Output every record word for word, minus the pictures.
--------------------------------
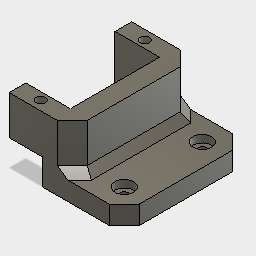
bar-latch-servo-shim (Autodesk Fusion 360 design; units mm, degrees)
Autodesk Fusion 360 part; units mm, degrees
box "BoxPrimitive1" add length 33 width 31 height 5 placed x (0, 0, 1) y (1, 0, 0) z (0, 1, 0) at (0, 0, 0) makes body 1
box "BoxPrimitive2" add length 33 width 17 height 12.5 placed x (0, 0, 1) y (1, 0, 0) z (0, 1, 0) at (0, 5, 0) bodies 1
box "BoxPrimitive3" add length 24 width 25 height 30 placed x (0, 0, 1) y (1, 0, 0) z (0, 1, 0) at (-30, 0, 0) separate body makes body 2
move_body "MoveBody1" bodies 2 to x (1, 0, 0) y (0, 1, 0) z (0, 0, 1) at (5, 0, 4.5)
move_body "MoveBody2" bodies 2 to x (1, 0, 0) y (0, 1, 0) z (0, 0, 1) at (12, 0, 0)
combine "Combine1" operation cut target body 1 tool bodies 2
hole "Hole1" at (6, 17.5, 2.5) direction (0, -1, 0) diameter 2.5 depth 8 tip angle 118 bodies 1
hole "Hole2" at (6, 17.5, 30.5) direction (0, -1, 0) diameter 2.5 depth 8 tip angle 118 bodies 1
hole "Hole3" at (25, 5, 6) direction (0, -1, 0) diameter 2.5 depth 8 tip angle 118 counterbore diameter 5 counterbore depth 2 bodies 1
hole "Hole4" at (25, 5, 27) direction (0, -1, 0) diameter 2.5 depth 8 tip angle 118 counterbore diameter 5 counterbore depth 2 bodies 1
box "BoxPrimitive4" cut length 7 width 9 height -12 placed x (0, 1, 0) y (-1, 0, 0) z (0, 0, 1) at (9, 0, 33) bodies 1
chamfer "Chamfer1" distance 4 angle 45 4 edges at (17, 11.25, 33) (17, 11.25, 0) (31, 2.5, 33) (31, 2.5, 0) on bodies 1
chamfer "Chamfer2" distance 2 angle 45 3 edges at (17, 5, 16.5) (15, 5, 31) (15, 5, 2) on bodies 1
--------------------------------
_TASK RESULT_
bar-latch-servo-shim (Autodesk Fusion 360 design; units mm, degrees)
Autodesk Fusion 360 part; units mm, degrees
box "BoxPrimitive1" add length 33 width 31 height 5 placed x (0, 0, 1) y (1, 0, 0) z (0, 1, 0) at (0, 0, 0) makes body 1
box "BoxPrimitive2" add length 33 width 17 height 12.5 placed x (0, 0, 1) y (1, 0, 0) z (0, 1, 0) at (0, 5, 0) bodies 1
box "BoxPrimitive3" add length 24 width 25 height 30 placed x (0, 0, 1) y (1, 0, 0) z (0, 1, 0) at (-30, 0, 0) separate body makes body 2
move_body "MoveBody1" bodies 2 to x (1, 0, 0) y (0, 1, 0) z (0, 0, 1) at (5, 0, 4.5)
move_body "MoveBody2" bodies 2 to x (1, 0, 0) y (0, 1, 0) z (0, 0, 1) at (12, 0, 0)
combine "Combine1" operation cut target body 1 tool bodies 2
hole "Hole1" at (6, 17.5, 2.5) direction (0, -1, 0) diameter 2.5 depth 8 tip angle 118 bodies 1
hole "Hole2" at (6, 17.5, 30.5) direction (0, -1, 0) diameter 2.5 depth 8 tip angle 118 bodies 1
hole "Hole3" at (25, 5, 6) direction (0, -1, 0) diameter 2.5 depth 8 tip angle 118 counterbore diameter 5 counterbore depth 2 bodies 1
hole "Hole4" at (25, 5, 27) direction (0, -1, 0) diameter 2.5 depth 8 tip angle 118 counterbore diameter 5 counterbore depth 2 bodies 1
box "BoxPrimitive4" cut length 7 width 9 height -12 placed x (0, 1, 0) y (-1, 0, 0) z (0, 0, 1) at (9, 0, 33) bodies 1
chamfer "Chamfer1" distance 4 angle 45 4 edges at (17, 11.25, 33) (17, 11.25, 0) (31, 2.5, 33) (31, 2.5, 0) on bodies 1
chamfer "Chamfer2" distance 2 angle 45 3 edges at (17, 5, 16.5) (15, 5, 31) (15, 5, 2) on bodies 1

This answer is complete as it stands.